═══ Data extracts

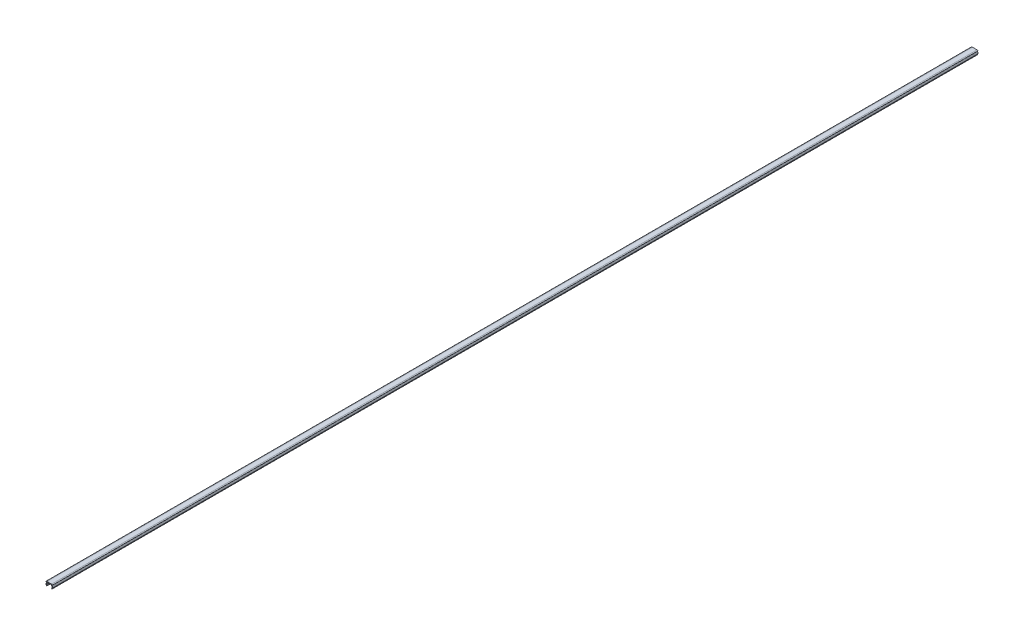
ISO-10303-21;
HEADER;
FILE_DESCRIPTION(('STEP AP214'),'2;1');
FILE_NAME('part.step','',(''),(''),'','','');
FILE_SCHEMA(('AUTOMOTIVE_DESIGN { 1 0 10303 214 1 1 1 1 }'));
ENDSEC;
DATA;
#1=APPLICATION_CONTEXT('core data for automotive mechanical design processes');
#2=APPLICATION_PROTOCOL_DEFINITION('international standard','automotive_design',2000,#1);
#3=PRODUCT_CONTEXT('',#1,'mechanical');
#4=PRODUCT('Part','Part','',(#3));
#5=PRODUCT_RELATED_PRODUCT_CATEGORY('part','',(#4));
#6=PRODUCT_DEFINITION_FORMATION('','',#4);
#7=PRODUCT_DEFINITION_CONTEXT('part definition',#1,'design');
#8=PRODUCT_DEFINITION('design','',#6,#7);
#9=PRODUCT_DEFINITION_SHAPE('','',#8);
#10=(LENGTH_UNIT() NAMED_UNIT(*) SI_UNIT(.MILLI.,.METRE.));
#11=(NAMED_UNIT(*) PLANE_ANGLE_UNIT() SI_UNIT($,.RADIAN.));
#12=(NAMED_UNIT(*) SI_UNIT($,.STERADIAN.) SOLID_ANGLE_UNIT());
#13=UNCERTAINTY_MEASURE_WITH_UNIT(LENGTH_MEASURE(1.E-05),#10,'distance_accuracy_value','');
#14=(GEOMETRIC_REPRESENTATION_CONTEXT(3) GLOBAL_UNCERTAINTY_ASSIGNED_CONTEXT((#13)) GLOBAL_UNIT_ASSIGNED_CONTEXT((#10,
#11,#12)) REPRESENTATION_CONTEXT('',''));
#15=CARTESIAN_POINT('',(0.,0.,0.));
#16=DIRECTION('',(0.,0.,1.));
#17=DIRECTION('',(1.,0.,0.));
#18=AXIS2_PLACEMENT_3D('',#15,#16,#17);
#19=CARTESIAN_POINT('',(0.,4.5,1000.));
#20=DIRECTION('',(0.,-1.,0.));
#21=DIRECTION('',(1.,0.,0.));
#22=AXIS2_PLACEMENT_3D('',#19,#20,#21);
#23=PLANE('',#22);
#24=DIRECTION('',(-1.,0.,0.));
#25=VECTOR('',#24,1.);
#26=CARTESIAN_POINT('',(0.,4.5,1000.));
#27=LINE('',#26,#25);
#28=CARTESIAN_POINT('',(2.55,4.5,1000.));
#29=VERTEX_POINT('',#28);
#30=CARTESIAN_POINT('',(-2.55,4.5,1000.));
#31=VERTEX_POINT('',#30);
#32=EDGE_CURVE('E347',#29,#31,#27,.T.);
#33=ORIENTED_EDGE('',*,*,#32,.F.);
#34=CARTESIAN_POINT('',(2.55,4.5,-50.));
#35=CARTESIAN_POINT('',(2.55,4.5,316.666666666667));
#36=CARTESIAN_POINT('',(2.55,4.5,683.333333333333));
#37=CARTESIAN_POINT('',(2.55,4.5,1050.));
#38=(BOUNDED_CURVE() B_SPLINE_CURVE(3,(#34,#35,#36,#37),.UNSPECIFIED.,.F.,
.F.) B_SPLINE_CURVE_WITH_KNOTS((4,4),(-1.05,0.05),
.UNSPECIFIED.) CURVE() GEOMETRIC_REPRESENTATION_ITEM() RATIONAL_B_SPLINE_CURVE((1.,1.,1.,1.)) REPRESENTATION_ITEM(''));
#39=CARTESIAN_POINT('',(2.55,4.5,0.));
#40=VERTEX_POINT('',#39);
#41=EDGE_CURVE('E313',#29,#40,#38,.F.);
#42=ORIENTED_EDGE('',*,*,#41,.T.);
#43=DIRECTION('',(-1.,0.,0.));
#44=VECTOR('',#43,1.);
#45=CARTESIAN_POINT('',(0.,4.5,0.));
#46=LINE('',#45,#44);
#47=CARTESIAN_POINT('',(-2.55,4.5,0.));
#48=VERTEX_POINT('',#47);
#49=EDGE_CURVE('E207',#40,#48,#46,.T.);
#50=ORIENTED_EDGE('',*,*,#49,.T.);
#51=CARTESIAN_POINT('',(-2.55,4.5,1050.));
#52=CARTESIAN_POINT('',(-2.55,4.5,683.333333333334));
#53=CARTESIAN_POINT('',(-2.55,4.5,316.666666666666));
#54=CARTESIAN_POINT('',(-2.55,4.5,-49.9999999999998));
#55=(BOUNDED_CURVE() B_SPLINE_CURVE(3,(#51,#52,#53,#54),.UNSPECIFIED.,.F.,
.F.) B_SPLINE_CURVE_WITH_KNOTS((4,4),(-0.05,1.05),
.UNSPECIFIED.) CURVE() GEOMETRIC_REPRESENTATION_ITEM() RATIONAL_B_SPLINE_CURVE((1.,1.,1.,1.)) REPRESENTATION_ITEM(''));
#56=EDGE_CURVE('E445',#48,#31,#55,.F.);
#57=ORIENTED_EDGE('',*,*,#56,.T.);
#58=EDGE_LOOP('',(#33,#42,#50,#57));
#59=FACE_BOUND('',#58,.T.);
#60=ADVANCED_FACE('F19',(#59),#23,.F.);
#61=CARTESIAN_POINT('',(-3.55,3.8,1000.));
#62=DIRECTION('',(1.,0.,0.));
#63=DIRECTION('',(0.,0.,-1.));
#64=AXIS2_PLACEMENT_3D('',#61,#62,#63);
#65=PLANE('',#64);
#66=DIRECTION('',(0.,-1.,0.));
#67=VECTOR('',#66,1.);
#68=CARTESIAN_POINT('',(-3.55,3.8,1000.));
#69=LINE('',#68,#67);
#70=CARTESIAN_POINT('',(-3.55,4.1,1000.));
#71=VERTEX_POINT('',#70);
#72=CARTESIAN_POINT('',(-3.55,4.,1000.));
#73=VERTEX_POINT('',#72);
#74=EDGE_CURVE('E361',#71,#73,#69,.T.);
#75=ORIENTED_EDGE('',*,*,#74,.F.);
#76=CARTESIAN_POINT('',(-3.55,4.1,-49.9999999999998));
#77=CARTESIAN_POINT('',(-3.55,4.1,316.666666666666));
#78=CARTESIAN_POINT('',(-3.55,4.1,683.333333333334));
#79=CARTESIAN_POINT('',(-3.55,4.1,1050.));
#80=(BOUNDED_CURVE() B_SPLINE_CURVE(3,(#76,#77,#78,#79),.UNSPECIFIED.,.F.,
.F.) B_SPLINE_CURVE_WITH_KNOTS((4,4),(-0.05,1.05),
.UNSPECIFIED.) CURVE() GEOMETRIC_REPRESENTATION_ITEM() RATIONAL_B_SPLINE_CURVE((1.,1.,1.,1.)) REPRESENTATION_ITEM(''));
#81=CARTESIAN_POINT('',(-3.55,4.1,0.));
#82=VERTEX_POINT('',#81);
#83=EDGE_CURVE('E434',#71,#82,#80,.F.);
#84=ORIENTED_EDGE('',*,*,#83,.T.);
#85=DIRECTION('',(0.,-1.,0.));
#86=VECTOR('',#85,1.);
#87=CARTESIAN_POINT('',(-3.55,3.8,0.));
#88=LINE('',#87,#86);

══════

[Instructions to follow]
Would you repeat the listing word for word and skip every picture?

[Task solution]
ISO-10303-21;
HEADER;
FILE_DESCRIPTION(('STEP AP214'),'2;1');
FILE_NAME('part.step','',(''),(''),'','','');
FILE_SCHEMA(('AUTOMOTIVE_DESIGN { 1 0 10303 214 1 1 1 1 }'));
ENDSEC;
DATA;
#1=APPLICATION_CONTEXT('core data for automotive mechanical design processes');
#2=APPLICATION_PROTOCOL_DEFINITION('international standard','automotive_design',2000,#1);
#3=PRODUCT_CONTEXT('',#1,'mechanical');
#4=PRODUCT('Part','Part','',(#3));
#5=PRODUCT_RELATED_PRODUCT_CATEGORY('part','',(#4));
#6=PRODUCT_DEFINITION_FORMATION('','',#4);
#7=PRODUCT_DEFINITION_CONTEXT('part definition',#1,'design');
#8=PRODUCT_DEFINITION('design','',#6,#7);
#9=PRODUCT_DEFINITION_SHAPE('','',#8);
#10=(LENGTH_UNIT() NAMED_UNIT(*) SI_UNIT(.MILLI.,.METRE.));
#11=(NAMED_UNIT(*) PLANE_ANGLE_UNIT() SI_UNIT($,.RADIAN.));
#12=(NAMED_UNIT(*) SI_UNIT($,.STERADIAN.) SOLID_ANGLE_UNIT());
#13=UNCERTAINTY_MEASURE_WITH_UNIT(LENGTH_MEASURE(1.E-05),#10,'distance_accuracy_value','');
#14=(GEOMETRIC_REPRESENTATION_CONTEXT(3) GLOBAL_UNCERTAINTY_ASSIGNED_CONTEXT((#13)) GLOBAL_UNIT_ASSIGNED_CONTEXT((#10,
#11,#12)) REPRESENTATION_CONTEXT('',''));
#15=CARTESIAN_POINT('',(0.,0.,0.));
#16=DIRECTION('',(0.,0.,1.));
#17=DIRECTION('',(1.,0.,0.));
#18=AXIS2_PLACEMENT_3D('',#15,#16,#17);
#19=CARTESIAN_POINT('',(0.,4.5,1000.));
#20=DIRECTION('',(0.,-1.,0.));
#21=DIRECTION('',(1.,0.,0.));
#22=AXIS2_PLACEMENT_3D('',#19,#20,#21);
#23=PLANE('',#22);
#24=DIRECTION('',(-1.,0.,0.));
#25=VECTOR('',#24,1.);
#26=CARTESIAN_POINT('',(0.,4.5,1000.));
#27=LINE('',#26,#25);
#28=CARTESIAN_POINT('',(2.55,4.5,1000.));
#29=VERTEX_POINT('',#28);
#30=CARTESIAN_POINT('',(-2.55,4.5,1000.));
#31=VERTEX_POINT('',#30);
#32=EDGE_CURVE('E347',#29,#31,#27,.T.);
#33=ORIENTED_EDGE('',*,*,#32,.F.);
#34=CARTESIAN_POINT('',(2.55,4.5,-50.));
#35=CARTESIAN_POINT('',(2.55,4.5,316.666666666667));
#36=CARTESIAN_POINT('',(2.55,4.5,683.333333333333));
#37=CARTESIAN_POINT('',(2.55,4.5,1050.));
#38=(BOUNDED_CURVE() B_SPLINE_CURVE(3,(#34,#35,#36,#37),.UNSPECIFIED.,.F.,
.F.) B_SPLINE_CURVE_WITH_KNOTS((4,4),(-1.05,0.05),
.UNSPECIFIED.) CURVE() GEOMETRIC_REPRESENTATION_ITEM() RATIONAL_B_SPLINE_CURVE((1.,1.,1.,1.)) REPRESENTATION_ITEM(''));
#39=CARTESIAN_POINT('',(2.55,4.5,0.));
#40=VERTEX_POINT('',#39);
#41=EDGE_CURVE('E313',#29,#40,#38,.F.);
#42=ORIENTED_EDGE('',*,*,#41,.T.);
#43=DIRECTION('',(-1.,0.,0.));
#44=VECTOR('',#43,1.);
#45=CARTESIAN_POINT('',(0.,4.5,0.));
#46=LINE('',#45,#44);
#47=CARTESIAN_POINT('',(-2.55,4.5,0.));
#48=VERTEX_POINT('',#47);
#49=EDGE_CURVE('E207',#40,#48,#46,.T.);
#50=ORIENTED_EDGE('',*,*,#49,.T.);
#51=CARTESIAN_POINT('',(-2.55,4.5,1050.));
#52=CARTESIAN_POINT('',(-2.55,4.5,683.333333333334));
#53=CARTESIAN_POINT('',(-2.55,4.5,316.666666666666));
#54=CARTESIAN_POINT('',(-2.55,4.5,-49.9999999999998));
#55=(BOUNDED_CURVE() B_SPLINE_CURVE(3,(#51,#52,#53,#54),.UNSPECIFIED.,.F.,
.F.) B_SPLINE_CURVE_WITH_KNOTS((4,4),(-0.05,1.05),
.UNSPECIFIED.) CURVE() GEOMETRIC_REPRESENTATION_ITEM() RATIONAL_B_SPLINE_CURVE((1.,1.,1.,1.)) REPRESENTATION_ITEM(''));
#56=EDGE_CURVE('E445',#48,#31,#55,.F.);
#57=ORIENTED_EDGE('',*,*,#56,.T.);
#58=EDGE_LOOP('',(#33,#42,#50,#57));
#59=FACE_BOUND('',#58,.T.);
#60=ADVANCED_FACE('F19',(#59),#23,.F.);
#61=CARTESIAN_POINT('',(-3.55,3.8,1000.));
#62=DIRECTION('',(1.,0.,0.));
#63=DIRECTION('',(0.,0.,-1.));
#64=AXIS2_PLACEMENT_3D('',#61,#62,#63);
#65=PLANE('',#64);
#66=DIRECTION('',(0.,-1.,0.));
#67=VECTOR('',#66,1.);
#68=CARTESIAN_POINT('',(-3.55,3.8,1000.));
#69=LINE('',#68,#67);
#70=CARTESIAN_POINT('',(-3.55,4.1,1000.));
#71=VERTEX_POINT('',#70);
#72=CARTESIAN_POINT('',(-3.55,4.,1000.));
#73=VERTEX_POINT('',#72);
#74=EDGE_CURVE('E361',#71,#73,#69,.T.);
#75=ORIENTED_EDGE('',*,*,#74,.F.);
#76=CARTESIAN_POINT('',(-3.55,4.1,-49.9999999999998));
#77=CARTESIAN_POINT('',(-3.55,4.1,316.666666666666));
#78=CARTESIAN_POINT('',(-3.55,4.1,683.333333333334));
#79=CARTESIAN_POINT('',(-3.55,4.1,1050.));
#80=(BOUNDED_CURVE() B_SPLINE_CURVE(3,(#76,#77,#78,#79),.UNSPECIFIED.,.F.,
.F.) B_SPLINE_CURVE_WITH_KNOTS((4,4),(-0.05,1.05),
.UNSPECIFIED.) CURVE() GEOMETRIC_REPRESENTATION_ITEM() RATIONAL_B_SPLINE_CURVE((1.,1.,1.,1.)) REPRESENTATION_ITEM(''));
#81=CARTESIAN_POINT('',(-3.55,4.1,0.));
#82=VERTEX_POINT('',#81);
#83=EDGE_CURVE('E434',#71,#82,#80,.F.);
#84=ORIENTED_EDGE('',*,*,#83,.T.);
#85=DIRECTION('',(0.,-1.,0.));
#86=VECTOR('',#85,1.);
#87=CARTESIAN_POINT('',(-3.55,3.8,0.));
#88=LINE('',#87,#86);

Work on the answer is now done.